I get all mine from Petsmart, and Roaring Waves is 2 and very healthy.


----------



## Betta Slave (Dec 8, 2009)

Yep, I paid $15 for both my DBT boys and even more for my dragons. But they're worth it!


----------



## Alex09 (Aug 9, 2010)

I love these little dudes! Its a pity there were no black bettas at my petco when I went to get mine


----------



## CodeRed (Jun 11, 2009)

Always has been, and always will be my favorite fish <3










I should've gotten him...


----------



## Jayy (Dec 23, 2009)

Capricorn said:


> I see where Jayy is coming from.. I realize they're obviously not the same quality as the ones you'll find on AB, but considering you could potentially get a betta for $5 versus $25, it is a little steep. Thank you very much. I'm only 13 and spending $23 on one fish is a DREAM. The most I can every spend on one now is $15. I do realize thats cheap for AB or yourshelfves,but not me. I could buy a handfull of bettas of that. p.s. the cheapiest I'v see on AB is $10. Thats not bad for AB bettas


----------



## BettaLover143 (Jul 31, 2010)

*Black Betta*

:lol:Those black betta's are beautiful!!!!!!!!!!!!!!!!!!!

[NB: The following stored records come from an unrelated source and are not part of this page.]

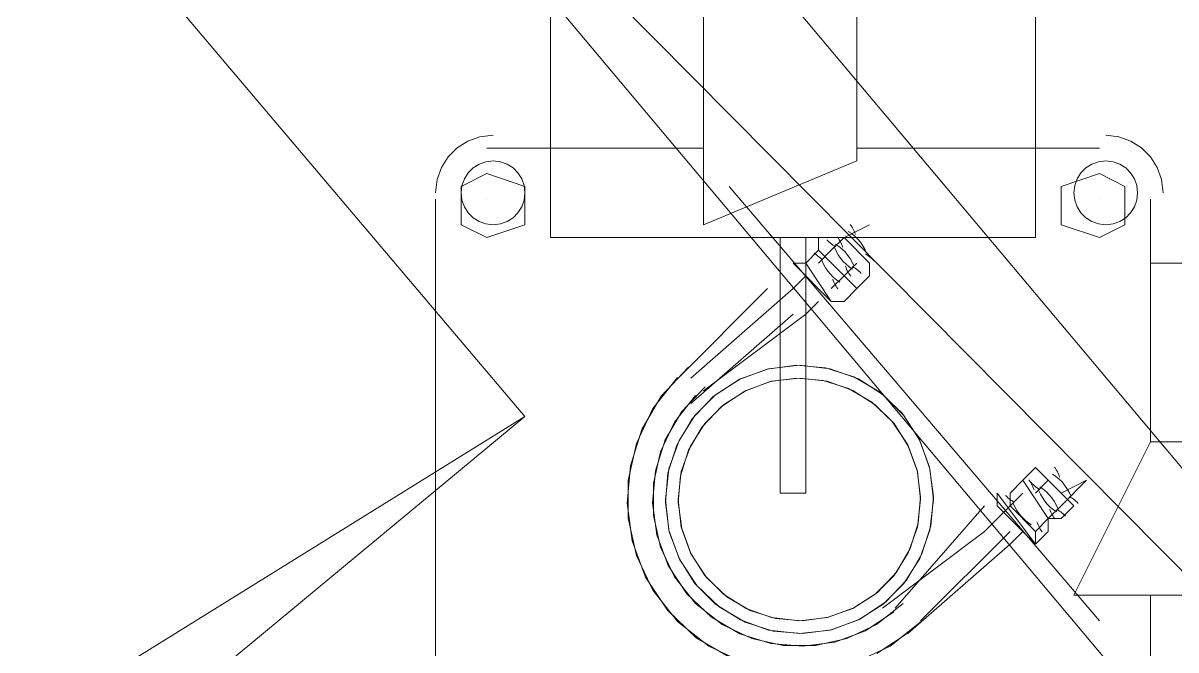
# Paper-space layout '03 Scan Locations' of a CAD drawing. Header units: millimetres. Extents: x 5 to 415, y 5 to 292.
# Drawn here: x 56.23 to 61.83, y 66.98 to 70.02 of the extents above; entities that cross this region are included whole.
import ezdxf

# ---------------------------------------------------------------- set-up
doc = ezdxf.new("R2010")
doc.units = ezdxf.units.MM
doc.layers.add('EXISTING', color=7, linetype='Continuous')
doc.layers.add('PROPOSED', color=7, linetype='Continuous')

# ---------------------------------------------------------------- blocks, each defined once
blk = doc.blocks.new('SHEET_03')
at = {"layer": 'EXISTING', "color": 254, "linetype": 'Continuous', "lineweight": 13}
for p, q in [((58.666, 68.114), (54.512, 73.012)), ((54.512, 73.012), (58.666, 68.114)), ((64.618, 64.58), (57.736, 72.764)), ((57.054, 72.206), (64.618, 64.58)), ((63.936, 64.022), (57.054, 72.206)), ((55.566, 66.192), (58.666, 68.114)), ((58.666, 68.114), (56.868, 66.626))]:
    blk.add_line(p, q, dxfattribs=at)
at = {"layer": 'PROPOSED', "color": 250, "linetype": 'Continuous', "lineweight": 13}
for p, q in [((58.79, 68.982), (58.79, 113.436)), ((61.146, 68.982), (61.146, 113.436)), ((59.534, 69.044), (59.534, 73.074)), ((60.278, 70.842), (60.278, 69.354)), ((58.3883, 69.4496), (58.3365, 69.4167)), ((58.447, 69.4706), (58.3883, 69.4496)), ((58.511, 69.478), (58.447, 69.4706)), ((61.551, 69.4706), (61.487, 69.478)), ((61.6097, 69.4496), (61.551, 69.4706)), ((61.6615, 69.4167), (61.6097, 69.4496)), ((58.3365, 69.4167), (58.2933, 69.3735)), ((59.534, 69.416), (58.48, 69.416)), ((61.456, 69.416), (60.278, 69.416)), ((61.7047, 69.3735), (61.6615, 69.4167)), ((58.2933, 69.3735), (58.2604, 69.3217)), ((58.4428, 69.3383), (58.4141, 69.32)), ((58.4755, 69.3499), (58.4428, 69.3383)), ((58.511, 69.354), (58.4755, 69.3499)), ((58.5465, 69.3499), (58.511, 69.354)), ((58.5792, 69.3383), (58.5465, 69.3499)), ((58.6079, 69.32), (58.5792, 69.3383)), ((60.278, 69.354), (59.534, 69.044)), ((61.4188, 69.3383), (61.3901, 69.32)), ((61.4515, 69.3499), (61.4188, 69.3383)), ((61.487, 69.354), (61.4515, 69.3499)), ((61.5225, 69.3499), (61.487, 69.354)), ((61.5552, 69.3383), (61.5225, 69.3499)), ((61.584, 69.32), (61.5552, 69.3383)), ((61.7376, 69.3217), (61.7047, 69.3735)), ((58.2604, 69.3217), (58.2394, 69.263)), ((58.356, 69.23), (58.48, 69.292)), ((58.3901, 69.296), (58.3718, 69.2672)), ((58.4141, 69.32), (58.3901, 69.296)), ((58.48, 69.292), (58.666, 69.23)), ((58.6319, 69.296), (58.6079, 69.32)), ((58.6502, 69.2672), (58.6319, 69.296)), ((61.456, 69.292), (61.27, 69.23)), ((61.3661, 69.296), (61.3478, 69.2672)), ((61.3901, 69.32), (61.3661, 69.296)), ((61.58, 69.23), (61.456, 69.292)), ((61.608, 69.296), (61.584, 69.32)), ((61.6263, 69.2672), (61.608, 69.296)), ((61.7586, 69.263), (61.7376, 69.3217)), ((58.2394, 69.263), (58.232, 69.199)), ((58.3601, 69.2346), (58.356, 69.199)), ((58.356, 69.044), (58.356, 69.23)), ((58.3718, 69.2672), (58.3601, 69.2346)), ((58.6619, 69.2346), (58.6502, 69.2672)), ((58.666, 69.199), (58.6619, 69.2346)), ((58.666, 69.23), (58.666, 69.044)), ((61.456, 67.122), (59.658, 69.23)), ((61.27, 69.23), (61.27, 69.044)), ((61.3361, 69.2346), (61.332, 69.199)), ((61.3478, 69.2672), (61.3361, 69.2346)), ((61.58, 69.044), (61.58, 69.23)), ((61.6379, 69.2346), (61.6263, 69.2672)), ((61.642, 69.199), (61.6379, 69.2346)), ((61.766, 69.199), (61.7586, 69.263)), ((58.232, 69.168), (58.232, 66.192)), ((58.356, 69.199), (58.3601, 69.1635)), ((58.3601, 69.1635), (58.3718, 69.1309)), ((58.48, 69.168), (58.48, 69.168)), ((58.6502, 69.1309), (58.6619, 69.1635)), ((58.6619, 69.1635), (58.666, 69.199)), ((61.332, 69.199), (61.3361, 69.1635)), ((61.3361, 69.1635), (61.3478, 69.1309)), ((61.456, 69.168), (61.456, 69.168)), ((61.6263, 69.1309), (61.6379, 69.1635)), ((61.6379, 69.1635), (61.642, 69.199)), ((61.704, 67.99), (61.704, 69.168)), ((58.3718, 69.1309), (58.3901, 69.1021)), ((58.6319, 69.1021), (58.6502, 69.1309)), ((61.3478, 69.1309), (61.3661, 69.1021)), ((61.608, 69.1021), (61.6263, 69.1309)), ((58.3901, 69.1021), (58.4141, 69.0781)), ((58.4141, 69.0781), (58.4428, 69.0598)), ((58.4428, 69.0598), (58.4755, 69.0481)), ((58.4755, 69.0481), (58.511, 69.044)), ((58.511, 69.044), (58.5465, 69.0481)), ((58.5465, 69.0481), (58.5792, 69.0598)), ((58.5792, 69.0598), (58.6079, 69.0781)), ((58.6079, 69.0781), (58.6319, 69.1021)), ((61.3661, 69.1021), (61.3901, 69.0781)), ((61.3901, 69.0781), (61.4188, 69.0598)), ((61.4188, 69.0598), (61.4515, 69.0481)), ((61.4515, 69.0481), (61.487, 69.044)), ((61.487, 69.044), (61.5225, 69.0481)), ((61.5225, 69.0481), (61.5552, 69.0598)), ((61.5552, 69.0598), (61.584, 69.0781)), ((61.584, 69.0781), (61.608, 69.1021)), ((58.48, 68.982), (58.356, 69.044)), ((58.666, 69.044), (58.48, 68.982)), ((60.34, 69.044), (60.216, 68.982)), ((60.216, 68.982), (60.34, 69.044)), ((60.2531, 69.0007), (60.2365, 69.0119)), ((60.2505, 69.0392), (60.2459, 69.0454)), ((60.2547, 69.0327), (60.2505, 69.0392)), ((60.2685, 68.988), (60.2531, 69.0007)), ((60.2587, 69.026), (60.2547, 69.0327)), ((60.2622, 69.0191), (60.2587, 69.026)), ((60.2655, 69.0121), (60.2622, 69.0191)), ((60.2684, 69.0048), (60.2655, 69.0121)), ((60.2709, 68.9975), (60.2684, 69.0048)), ((60.34, 69.044), (60.34, 69.044)), ((61.27, 69.044), (61.456, 68.982)), ((61.456, 68.982), (61.58, 69.044)), ((61.146, 68.982), (58.79, 68.982)), ((59.906, 67.742), (59.906, 68.982)), ((60.03, 67.742), (60.03, 68.982)), ((60.154, 68.982), (60.092, 68.982)), ((60.092, 68.982), (60.092, 68.92)), ((60.092, 68.92), (60.092, 68.982)), ((60.092, 68.982), (60.154, 68.982)), ((60.1327, 68.9704), (60.1381, 68.9647)), ((60.1381, 68.9647), (60.1437, 68.9594)), ((60.1437, 68.9594), (60.1496, 68.9544)), ((60.1496, 68.9544), (60.1558, 68.9497)), ((60.216, 68.982), (60.154, 68.92)), ((60.216, 68.982), (60.154, 68.982)), ((60.1558, 68.9497), (60.1622, 68.9453)), ((60.1622, 68.9453), (60.1688, 68.9412)), ((60.1688, 68.9412), (60.1756, 68.9374)), ((60.1911, 68.9386), (60.1745, 68.9499)), ((60.1885, 68.9772), (60.1839, 68.9834)), ((60.1927, 68.9707), (60.1885, 68.9772)), ((60.2065, 68.9259), (60.1911, 68.9386)), ((60.1967, 68.964), (60.1927, 68.9707)), ((60.2002, 68.9571), (60.1967, 68.964)), ((60.2035, 68.9501), (60.2002, 68.9571)), ((60.2063, 68.9429), (60.2035, 68.9501)), ((60.2089, 68.9355), (60.2063, 68.9429)), ((60.34, 68.858), (60.216, 68.982)), ((60.216, 68.982), (60.34, 68.858)), ((60.2827, 68.974), (60.2685, 68.988)), ((60.2954, 68.9587), (60.2827, 68.974)), ((60.3068, 68.9424), (60.2954, 68.9587)), ((60.3166, 68.925), (60.3068, 68.9424)), ((60.402, 68.982), (60.402, 68.982)), ((60.092, 68.92), (60.03, 68.858)), ((60.0707, 68.9084), (60.0761, 68.9028)), ((60.0761, 68.9028), (60.0817, 68.8974)), ((60.0817, 68.8974), (60.0876, 68.8924)), ((60.0876, 68.8924), (60.0938, 68.8877)), ((60.278, 68.734), (60.092, 68.92)), ((60.092, 68.92), (60.278, 68.734)), ((60.154, 68.92), (60.092, 68.858)), ((60.092, 68.92), (60.092, 68.92)), ((60.0938, 68.8877), (60.1002, 68.8833)), ((60.1002, 68.8833), (60.1068, 68.8792)), ((60.1692, 68.9333), (60.1774, 68.915)), ((60.1774, 68.915), (60.1872, 68.8976)), ((60.1872, 68.8976), (60.1986, 68.8813)), ((60.1986, 68.8813), (60.2113, 68.866)), ((60.2207, 68.9119), (60.2065, 68.9259)), ((60.2334, 68.8967), (60.2207, 68.9119)), ((60.2448, 68.8804), (60.2334, 68.8967)), ((60.2546, 68.863), (60.2448, 68.8804)), ((60.3248, 68.9067), (60.3166, 68.925)), ((60.3253, 68.8988), (60.3185, 68.9025)), ((60.3319, 68.8947), (60.3253, 68.8988)), ((60.3382, 68.8903), (60.3319, 68.8947)), ((60.3444, 68.8856), (60.3382, 68.8903)), ((60.3503, 68.8805), (60.3444, 68.8856)), ((60.356, 68.8752), (60.3503, 68.8805)), ((60.154, 68.672), (59.968, 68.858)), ((59.968, 68.858), (60.03, 68.858)), ((60.154, 68.672), (60.03, 68.858)), ((60.03, 68.858), (60.154, 68.672)), ((60.03, 68.858), (60.03, 68.858)), ((60.1068, 68.8792), (60.1136, 68.8754)), ((60.1072, 68.8713), (60.1154, 68.853)), ((60.1154, 68.853), (60.1252, 68.8356)), ((60.1252, 68.8356), (60.1366, 68.8193)), ((60.2113, 68.866), (60.2255, 68.852)), ((60.278, 68.858), (60.216, 68.796)), ((60.2231, 68.8426), (60.2257, 68.8352)), ((60.2255, 68.852), (60.2409, 68.8393)), ((60.2257, 68.8352), (60.2285, 68.828)), ((60.2285, 68.828), (60.2318, 68.8209)), ((60.2409, 68.8393), (60.2575, 68.8281)), ((60.2628, 68.8447), (60.2546, 68.863)), ((60.2633, 68.8368), (60.2565, 68.8406)), ((60.2699, 68.8327), (60.2633, 68.8368)), ((60.2762, 68.8283), (60.2699, 68.8327)), ((60.2824, 68.8236), (60.2762, 68.8283)), ((60.2883, 68.8186), (60.2824, 68.8236)), ((60.34, 68.796), (60.34, 68.858)), ((60.34, 68.858), (60.34, 68.796)), ((60.3614, 68.8696), (60.356, 68.8752)), ((61.704, 68.858), (123.208, 68.858)), ((59.968, 68.734), (60.03, 68.796)), ((60.1366, 68.8193), (60.1493, 68.8041)), ((60.1493, 68.8041), (60.1635, 68.7901)), ((60.216, 68.796), (60.154, 68.734)), ((60.1611, 68.7805), (60.1636, 68.7732)), ((60.1635, 68.7901), (60.1789, 68.7774)), ((60.1636, 68.7732), (60.1665, 68.766)), ((60.1789, 68.7774), (60.1955, 68.7661)), ((60.2318, 68.8209), (60.2353, 68.8141)), ((60.2353, 68.8141), (60.2393, 68.8074)), ((60.2393, 68.8074), (60.2435, 68.8009)), ((60.2435, 68.8009), (60.2481, 68.7946)), ((60.34, 68.796), (60.278, 68.734)), ((60.294, 68.8132), (60.2883, 68.8186)), ((60.2993, 68.8076), (60.294, 68.8132)), ((59.41, 68.3), (59.844, 68.734)), ((59.472, 68.3), (59.968, 68.734)), ((60.1665, 68.766), (60.1698, 68.7589)), ((60.1698, 68.7589), (60.1733, 68.752)), ((60.1733, 68.752), (60.1773, 68.7454)), ((60.1773, 68.7454), (60.1815, 68.7389)), ((60.1815, 68.7389), (60.1861, 68.7326)), ((60.278, 68.734), (60.216, 68.672)), ((60.216, 68.672), (60.278, 68.734)), ((60.278, 68.734), (60.278, 68.734)), ((60.03, 68.61), (60.092, 68.672)), ((60.154, 68.672), (60.154, 68.672)), ((60.216, 68.672), (60.154, 68.672)), ((60.154, 68.672), (60.216, 68.672)), ((59.968, 68.61), (59.472, 68.176)), ((59.534, 68.238), (60.03, 68.61)), ((59.461, 68.3522), (59.3282, 68.2119)), ((59.8424, 68.343), (59.7059, 68.2925)), ((59.8497, 68.3448), (59.7127, 68.2958)), ((59.9844, 68.3619), (59.8424, 68.343)), ((59.999, 68.362), (59.8497, 68.3448)), ((60.1264, 68.3494), (59.9844, 68.3619)), ((60.1483, 68.3448), (59.999, 68.362)), ((60.263, 68.3062), (60.1264, 68.3494)), ((60.2853, 68.2958), (60.1483, 68.3448)), ((59.4072, 68.3029), (59.2871, 68.1515)), ((59.7059, 68.2925), (59.5805, 68.2097)), ((59.7127, 68.2958), (59.5918, 68.219)), ((59.8573, 68.2829), (59.7338, 68.2371)), ((59.8639, 68.2845), (59.74, 68.2402)), ((59.9858, 68.2999), (59.8573, 68.2829)), ((59.999, 68.3), (59.8639, 68.2845)), ((60.1143, 68.2886), (59.9858, 68.2999)), ((60.134, 68.2845), (59.999, 68.3)), ((60.2378, 68.2496), (60.1143, 68.2886)), ((60.258, 68.2402), (60.134, 68.2845)), ((60.3886, 68.2328), (60.263, 68.3062)), ((60.4062, 68.219), (60.2853, 68.2958)), ((59.3282, 68.2119), (59.2337, 68.0504)), ((59.4948, 68.2152), (59.3925, 68.0863)), ((59.5407, 68.2572), (59.4275, 68.1377)), ((59.5805, 68.2097), (59.4772, 68.1006)), ((59.5918, 68.219), (59.491, 68.1182)), ((59.7338, 68.2371), (59.6204, 68.1622)), ((59.74, 68.2402), (59.6306, 68.1706)), ((60.3515, 68.1831), (60.2378, 68.2496)), ((60.3674, 68.1706), (60.258, 68.2402)), ((60.4977, 68.1295), (60.3886, 68.2328)), ((60.507, 68.1182), (60.4062, 68.219)), ((59.2871, 68.1515), (59.207, 67.9824)), ((59.6204, 68.1622), (59.5269, 68.0635)), ((59.6306, 68.1706), (59.5394, 68.0794)), ((60.4502, 68.0896), (60.3515, 68.1831)), ((60.4586, 68.0794), (60.3674, 68.1706)), ((56.868, 66.626), (58.666, 68.114)), ((59.4275, 68.1377), (59.3471, 68.0001)), ((59.4772, 68.1006), (59.4038, 67.975)), ((59.491, 68.1182), (59.4142, 67.9973)), ((60.5805, 68.0041), (60.4977, 68.1295)), ((60.5838, 67.9973), (60.507, 68.1182)), ((59.2337, 68.0504), (59.1782, 67.8748)), ((59.3925, 68.0863), (59.3244, 67.9422)), ((59.5269, 68.0635), (59.4604, 67.9498)), ((59.5394, 68.0794), (59.4699, 67.97)), ((60.5251, 67.9762), (60.4502, 68.0896)), ((60.5281, 67.97), (60.4586, 68.0794)), ((59.3471, 68.0001), (59.2998, 67.8505)), ((59.4142, 67.9973), (59.3652, 67.8603)), ((60.631, 67.8676), (60.5805, 68.0041)), ((60.6328, 67.8603), (60.5838, 67.9973)), ((61.704, 67.99), (61.332, 67.246)), ((63.13, 67.99), (61.704, 67.99)), ((59.207, 67.9824), (59.167, 67.8027)), ((59.3244, 67.9422), (59.2903, 67.7891)), ((59.4038, 67.975), (59.3606, 67.8384)), ((59.4604, 67.9498), (59.4214, 67.8263)), ((59.4699, 67.97), (59.4255, 67.8461)), ((60.5708, 67.8527), (60.5251, 67.9762)), ((60.5724, 67.8461), (60.5281, 67.97)), ((61.332, 67.928), (61.332, 67.928)), ((59.1782, 67.8748), (59.1622, 67.6922)), ((59.2998, 67.8505), (59.2862, 67.695)), ((59.3652, 67.8603), (59.348, 67.711)), ((59.3606, 67.8384), (59.3481, 67.6964)), ((59.4255, 67.8461), (59.41, 67.711)), ((59.4214, 67.8263), (59.4101, 67.6978)), ((60.5879, 67.7243), (60.5708, 67.8527)), ((60.588, 67.711), (60.5724, 67.8461)), ((60.6499, 67.7256), (60.631, 67.8676)), ((60.65, 67.711), (60.6328, 67.8603)), ((61.146, 67.866), (61.084, 67.804)), ((61.146, 67.866), (61.332, 67.68)), ((61.332, 67.68), (61.146, 67.866)), ((61.146, 67.866), (61.146, 67.866)), ((61.2451, 67.8227), (61.2286, 67.834)), ((61.2425, 67.8611), (61.2379, 67.8674)), ((61.2468, 67.8547), (61.2425, 67.8611)), ((61.2605, 67.81), (61.2451, 67.8227)), ((61.2507, 67.848), (61.2468, 67.8547)), ((61.2542, 67.8411), (61.2507, 67.848)), ((61.2575, 67.834), (61.2542, 67.8411)), ((61.2604, 67.8268), (61.2575, 67.834)), ((61.2629, 67.8195), (61.2604, 67.8268)), ((59.167, 67.8027), (59.167, 67.6194)), ((59.2903, 67.7891), (59.2903, 67.6329)), ((61.084, 67.804), (61.022, 67.742)), ((61.022, 67.742), (61.084, 67.804)), ((61.084, 67.804), (61.208, 67.618)), ((61.208, 67.618), (61.084, 67.804)), ((61.084, 67.804), (61.084, 67.804)), ((61.1185, 67.7992), (61.1139, 67.8054)), ((61.1227, 67.7927), (61.1185, 67.7992)), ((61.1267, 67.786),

I want one...so bad....:-(


----------



## Alex09 (Aug 9, 2010)

CodeRed said:


> Always has been, and always will be my favorite fish <3
> 
> 
> 
> ...


My eyeballs nearly popped out of their sockets...
I. WANT. IT!


----------



## nochoramet (Oct 2, 2009)

Mine too...... that is a stunning fish. I mean, absolutely jaw dropping. There are no words strong enough to describe that fish!


----------



## Capricorn (Sep 4, 2010)

Wow, that's an incredible fish.


----------